The debate occurred at an interesting moment: Today in Congress, the Republican-led House passed a bipartisan budget proposal without a fight that would again paralyze the federal government. The volunteers, ranging from young millennials to senior citizens, including a number of Ohio GOP insiders, erupted in cheers as Kasich took the stage in Colorado and giggles as his rivals were introduced.

Kasich’s title was a managing director in investment banking, and colleagues said his responsibilities included working with Lehman teams on initial public offerings, debt offerings and other deals in areas including manufacturing, media and technology. Later on, the slightly peeved moderator gave him another chance to answer it and said “We’re clearly not having that beer you mentioned,” referencing a statement by Cruz that he might not be a candidate a voter would want to share a beer with.

Fiorina has cited her time as CEO of HP as a key qualification, and said that under her leadership, the company quadrupled its cash flow and top-line growth. Cruz ended up giving his response to Quintanilla’s question but he first remarked “I’ll buy you a tequila — or even some famous Colorado brownies.” The comment visibly threw the moderator off for a moment and produced a big smile.

And when debate moderators noted that Perkins had previously said that the rich should get greater voting rights than the poor, Fiorina she didn’t always agree with him. But, like Kasich, they believe the policies he’s pursued in Ohio can be an example to the rest of the country. “It’s exciting,” said Angela White during a commercial break. “He’s reiterating that his strategies have been successful. Asked about his involvement with Costco Wholesale Corp., named by U.K. market research firm YouGov as the most LGBT-friendly company, Carson turned the question into a referendum on the media. He said equating gay marriage disapproval with homophobia is evidence of “PC culture that’s all about destroying the nation.” Trump, for his part, pitched the bankruptcy of Trump Entertainment Resorts Inc., which owned three Atlantic City casinos, as an asset rather than liability. Talk about tough timing: On the day of the debate, a Florida newspaper called on Rubio to resign for not showing up to recent Senate votes and voicing frustration over the job of serving in Congress. “I’m a constituent of the senator and I helped him and I expected that he would do constituent service, which means that he shows up to work,” Bush said. “He’s a gifted politician.

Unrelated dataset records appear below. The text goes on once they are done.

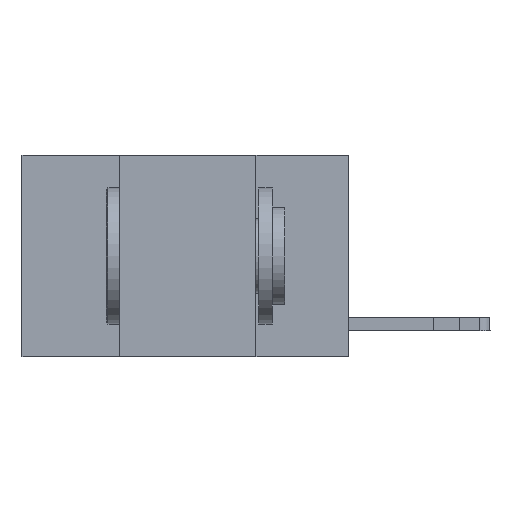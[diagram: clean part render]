
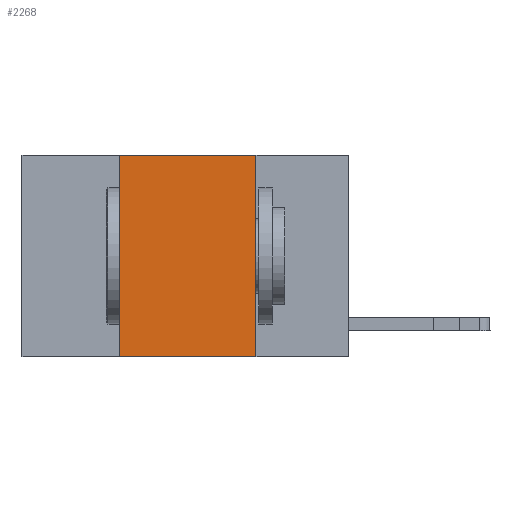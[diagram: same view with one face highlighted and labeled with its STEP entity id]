
A CAD part, left-side view. The second image highlights one B-rep face of the part: STEP entity #2268.
In plain terms, the highlighted planar face has unit normal (-1, 0, 0).
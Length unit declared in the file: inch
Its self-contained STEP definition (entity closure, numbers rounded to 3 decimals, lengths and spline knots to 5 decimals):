
#512 = EDGE_CURVE ( 'NONE', #19784, #4753, #8173, .T. ) ;
#774 = VERTEX_POINT ( 'NONE', #14015 ) ;
#2268 = ADVANCED_FACE ( 'NONE', ( #16545 ), #9938, .F. ) ;
#2333 = CARTESIAN_POINT ( 'NONE',  ( 0., 0.6, -0.37 ) ) ;
#3087 = ORIENTED_EDGE ( 'NONE', *, *, #19911, .T. ) ;
#3115 = EDGE_LOOP ( 'NONE', ( #22401, #9537, #16061, #3087 ) ) ;
#3313 = DIRECTION ( 'NONE',  ( 0., 0., 1. ) ) ;
#4753 = VERTEX_POINT ( 'NONE', #6162 ) ;
#5967 = AXIS2_PLACEMENT_3D ( 'NONE', #14819, #16658, #20230 ) ;
#6162 = CARTESIAN_POINT ( 'NONE',  ( 0., 0.17, 0. ) ) ;
#6722 = VECTOR ( 'NONE', #22064, 39.37008 ) ;
#7087 = EDGE_CURVE ( 'NONE', #10375, #19784, #12193, .T. ) ;
#8173 = LINE ( 'NONE', #15224, #20200 ) ;
#8467 = CARTESIAN_POINT ( 'NONE',  ( 0., 0.17, 0. ) ) ;
#9134 = CARTESIAN_POINT ( 'NONE',  ( 0., 0.42, -0.37 ) ) ;
#9243 = LINE ( 'NONE', #2333, #6722 ) ;
#9537 = ORIENTED_EDGE ( 'NONE', *, *, #512, .F. ) ;
#9938 = PLANE ( 'NONE',  #5967 ) ;
#10205 = EDGE_CURVE ( 'NONE', #4753, #774, #19220, .T. ) ;
#10375 = VERTEX_POINT ( 'NONE', #9134 ) ;
#11684 = VECTOR ( 'NONE', #3313, 39.37008 ) ;
#12193 = LINE ( 'NONE', #15883, #11684 ) ;
#14015 = CARTESIAN_POINT ( 'NONE',  ( 0., 0.17, -0.37 ) ) ;
#14819 = CARTESIAN_POINT ( 'NONE',  ( 0., 0.6, 0. ) ) ;
#15224 = CARTESIAN_POINT ( 'NONE',  ( 0., 0.6, 0. ) ) ;
#15519 = DIRECTION ( 'NONE',  ( 0., 0., -1. ) ) ;
#15883 = CARTESIAN_POINT ( 'NONE',  ( 0., 0.42, 0. ) ) ;
#16061 = ORIENTED_EDGE ( 'NONE', *, *, #7087, .F. ) ;
#16166 = CARTESIAN_POINT ( 'NONE',  ( 0., 0.42, 0. ) ) ;
#16545 = FACE_OUTER_BOUND ( 'NONE', #3115, .T. ) ;
#16658 = DIRECTION ( 'NONE',  ( 1., 0., 0. ) ) ;
#19220 = LINE ( 'NONE', #8467, #21247 ) ;
#19784 = VERTEX_POINT ( 'NONE', #16166 ) ;
#19911 = EDGE_CURVE ( 'NONE', #10375, #774, #9243, .T. ) ;
#20200 = VECTOR ( 'NONE', #22262, 39.37008 ) ;
#20230 = DIRECTION ( 'NONE',  ( 0., 0., -1. ) ) ;
#21247 = VECTOR ( 'NONE', #15519, 39.37008 ) ;
#22064 = DIRECTION ( 'NONE',  ( 0., -1., 0. ) ) ;
#22262 = DIRECTION ( 'NONE',  ( 0., -1., 0. ) ) ;
#22401 = ORIENTED_EDGE ( 'NONE', *, *, #10205, .F. ) ;
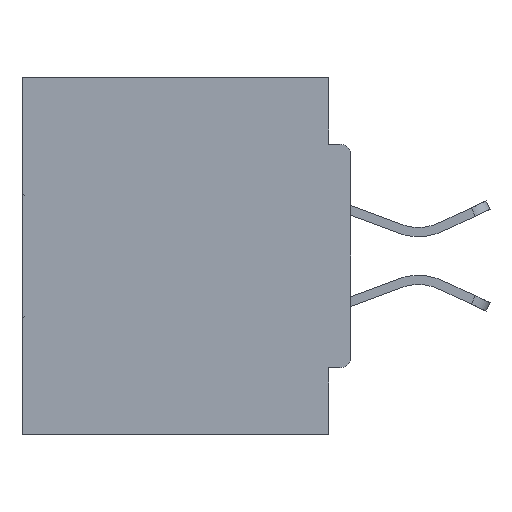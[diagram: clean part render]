
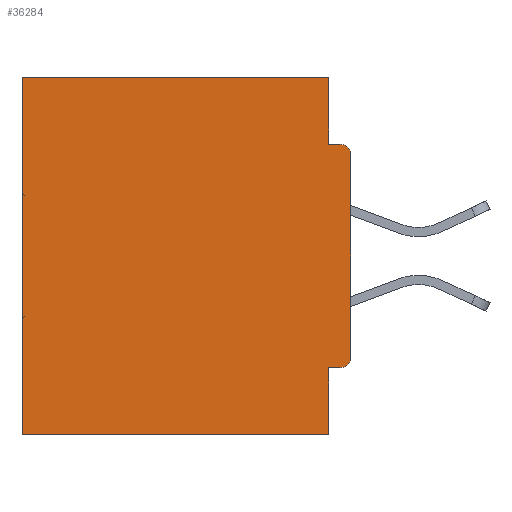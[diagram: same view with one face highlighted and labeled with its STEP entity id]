
A CAD part, left-side view. The second image highlights one B-rep face of the part: STEP entity #36284.
In plain terms, the highlighted planar face has unit normal (-1, 0, 0).
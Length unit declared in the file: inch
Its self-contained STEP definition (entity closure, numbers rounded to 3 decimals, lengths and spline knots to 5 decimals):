
#283 = VERTEX_POINT ( 'NONE', #28433 ) ;
#2593 = LINE ( 'NONE', #18191, #37307 ) ;
#2759 = EDGE_CURVE ( 'NONE', #15100, #8333, #37962, .T. ) ;
#2764 = CARTESIAN_POINT ( 'NONE',  ( 0.298, 0.46, 0. ) ) ;
#3014 = LINE ( 'NONE', #30586, #4090 ) ;
#3529 = CIRCLE ( 'NONE', #4343, 0.015 ) ;
#3949 = CARTESIAN_POINT ( 'NONE',  ( 0.298, 0., -0.0935 ) ) ;
#3971 = CARTESIAN_POINT ( 'NONE',  ( 0.298, 0.015, -0.0935 ) ) ;
#4090 = VECTOR ( 'NONE', #13981, 39.37008 ) ;
#4343 = AXIS2_PLACEMENT_3D ( 'NONE', #34653, #7627, #34950 ) ;
#4927 = DIRECTION ( 'NONE',  ( 0., 1., 0. ) ) ;
#5088 = DIRECTION ( 'NONE',  ( 0., 0., -1. ) ) ;
#5451 = VERTEX_POINT ( 'NONE', #3971 ) ;
#5818 = ORIENTED_EDGE ( 'NONE', *, *, #39981, .F. ) ;
#6891 = ORIENTED_EDGE ( 'NONE', *, *, #40974, .F. ) ;
#7490 = ORIENTED_EDGE ( 'NONE', *, *, #17084, .F. ) ;
#7627 = DIRECTION ( 'NONE',  ( -1., 0., 0. ) ) ;
#8333 = VERTEX_POINT ( 'NONE', #42681 ) ;
#8522 = LINE ( 'NONE', #2764, #34318 ) ;
#8678 = LINE ( 'NONE', #22129, #40798 ) ;
#10023 = AXIS2_PLACEMENT_3D ( 'NONE', #38828, #18734, #42198 ) ;
#10135 = FACE_OUTER_BOUND ( 'NONE', #39141, .T. ) ;
#11232 = EDGE_CURVE ( 'NONE', #15100, #283, #3014, .T. ) ;
#11601 = EDGE_CURVE ( 'NONE', #20316, #5451, #3529, .T. ) ;
#12107 = CARTESIAN_POINT ( 'NONE',  ( 0.298, 0.031, -0.5 ) ) ;
#12143 = AXIS2_PLACEMENT_3D ( 'NONE', #42870, #29678, #12875 ) ;
#12875 = DIRECTION ( 'NONE',  ( 0., 0., -1. ) ) ;
#13347 = ORIENTED_EDGE ( 'NONE', *, *, #42691, .T. ) ;
#13981 = DIRECTION ( 'NONE',  ( 0., 1., 0. ) ) ;
#15093 = LINE ( 'NONE', #25659, #16679 ) ;
#15100 = VERTEX_POINT ( 'NONE', #37384 ) ;
#15964 = ORIENTED_EDGE ( 'NONE', *, *, #17998, .T. ) ;
#16202 = VECTOR ( 'NONE', #39753, 39.37008 ) ;
#16679 = VECTOR ( 'NONE', #5088, 39.37008 ) ;
#17084 = EDGE_CURVE ( 'NONE', #283, #40645, #17991, .T. ) ;
#17991 = LINE ( 'NONE', #40936, #31096 ) ;
#17998 = EDGE_CURVE ( 'NONE', #24512, #41882, #2593, .T. ) ;
#18007 = VERTEX_POINT ( 'NONE', #24799 ) ;
#18191 = CARTESIAN_POINT ( 'NONE',  ( 0.298, 0., 0. ) ) ;
#18532 = CARTESIAN_POINT ( 'NONE',  ( 0.298, 0.031, 0. ) ) ;
#18734 = DIRECTION ( 'NONE',  ( 1., 0., 0. ) ) ;
#20316 = VERTEX_POINT ( 'NONE', #23075 ) ;
#22129 = CARTESIAN_POINT ( 'NONE',  ( 0.298, 0., -0.5 ) ) ;
#22430 = PLANE ( 'NONE',  #10023 ) ;
#23072 = VECTOR ( 'NONE', #33905, 39.37008 ) ;
#23075 = CARTESIAN_POINT ( 'NONE',  ( 0.298, 0., -0.1085 ) ) ;
#23682 = ORIENTED_EDGE ( 'NONE', *, *, #2759, .T. ) ;
#24512 = VERTEX_POINT ( 'NONE', #18532 ) ;
#24799 = CARTESIAN_POINT ( 'NONE',  ( 0.298, 0.031, -0.0935 ) ) ;
#25659 = CARTESIAN_POINT ( 'NONE',  ( 0.298, 0., 0. ) ) ;
#26084 = CARTESIAN_POINT ( 'NONE',  ( 0.298, 0.46, 0. ) ) ;
#27264 = LINE ( 'NONE', #12107, #16202 ) ;
#28166 = CARTESIAN_POINT ( 'NONE',  ( 0.298, 0.031, -0.5 ) ) ;
#28433 = CARTESIAN_POINT ( 'NONE',  ( 0.298, 0.031, -0.4065 ) ) ;
#29344 = EDGE_CURVE ( 'NONE', #20316, #8333, #15093, .T. ) ;
#29678 = DIRECTION ( 'NONE',  ( -1., 0., 0. ) ) ;
#30191 = VERTEX_POINT ( 'NONE', #34902 ) ;
#30586 = CARTESIAN_POINT ( 'NONE',  ( 0.298, 0., -0.4065 ) ) ;
#30930 = ORIENTED_EDGE ( 'NONE', *, *, #40113, .F. ) ;
#31096 = VECTOR ( 'NONE', #31105, 39.37008 ) ;
#31105 = DIRECTION ( 'NONE',  ( 0., 0., -1. ) ) ;
#31961 = LINE ( 'NONE', #3949, #23072 ) ;
#33451 = DIRECTION ( 'NONE',  ( 0., 0., -1. ) ) ;
#33905 = DIRECTION ( 'NONE',  ( 0., -1., 0. ) ) ;
#34318 = VECTOR ( 'NONE', #33451, 39.37008 ) ;
#34653 = CARTESIAN_POINT ( 'NONE',  ( 0.298, 0.015, -0.1085 ) ) ;
#34902 = CARTESIAN_POINT ( 'NONE',  ( 0.298, 0.46, -0.5 ) ) ;
#34950 = DIRECTION ( 'NONE',  ( 0., 0., -1. ) ) ;
#36284 = ADVANCED_FACE ( 'NONE', ( #10135 ), #22430, .F. ) ;
#37307 = VECTOR ( 'NONE', #4927, 39.37008 ) ;
#37384 = CARTESIAN_POINT ( 'NONE',  ( 0.298, 0.015, -0.4065 ) ) ;
#37962 = CIRCLE ( 'NONE', #12143, 0.015 ) ;
#38828 = CARTESIAN_POINT ( 'NONE',  ( 0.298, 0., 0. ) ) ;
#39126 = ORIENTED_EDGE ( 'NONE', *, *, #29344, .F. ) ;
#39141 = EDGE_LOOP ( 'NONE', ( #40547, #30930, #5818, #15964, #13347, #6891, #7490, #43295, #23682, #39126 ) ) ;
#39753 = DIRECTION ( 'NONE',  ( 0., 0., -1. ) ) ;
#39981 = EDGE_CURVE ( 'NONE', #24512, #18007, #27264, .T. ) ;
#40113 = EDGE_CURVE ( 'NONE', #18007, #5451, #31961, .T. ) ;
#40547 = ORIENTED_EDGE ( 'NONE', *, *, #11601, .T. ) ;
#40645 = VERTEX_POINT ( 'NONE', #28166 ) ;
#40798 = VECTOR ( 'NONE', #42992, 39.37008 ) ;
#40936 = CARTESIAN_POINT ( 'NONE',  ( 0.298, 0.031, -0.5 ) ) ;
#40974 = EDGE_CURVE ( 'NONE', #40645, #30191, #8678, .T. ) ;
#41882 = VERTEX_POINT ( 'NONE', #26084 ) ;
#42198 = DIRECTION ( 'NONE',  ( 0., 0., -1. ) ) ;
#42681 = CARTESIAN_POINT ( 'NONE',  ( 0.298, 0., -0.3915 ) ) ;
#42691 = EDGE_CURVE ( 'NONE', #41882, #30191, #8522, .T. ) ;
#42870 = CARTESIAN_POINT ( 'NONE',  ( 0.298, 0.015, -0.3915 ) ) ;
#42992 = DIRECTION ( 'NONE',  ( 0., 1., 0. ) ) ;
#43295 = ORIENTED_EDGE ( 'NONE', *, *, #11232, .F. ) ;

You get like three days where you have to show up?” “The only reason that you’re doing it now is because we’re running for the same position and someone has convinced you that attacking me is going to help you,” Rubio said. Rubio deflected questions about his personal finances, saying his struggles paying off student loans were evidence of how hard it is for Americans, an answer that could resonate with many voters who had their own student loans to pay off. Several tried to defend their tax proposals, even though many of them have been criticized by independent analysts as being overly optimistic or unrealistic. The Tax Foundation, which bills itself as a nonpartisan tax policy research organization, has said Bush’s tax plan would lead to a 10 percent higher gross domestic product “over the long term” and would add 2.7 million more full-time equivalent jobs, while Trump’s would boost GDP by 11 percent and create 5.3 million more full-time equivalent jobs. “The questions that have been asked so far in this debate illustrate why the American people don’t trust the media,” Cruz said. “This is not a cage match.” He faulted the debate hosts for provoking fights among the candidates by asking if Trump was offering “comic book proposals,” or questioning Carson’s math on his tax plan.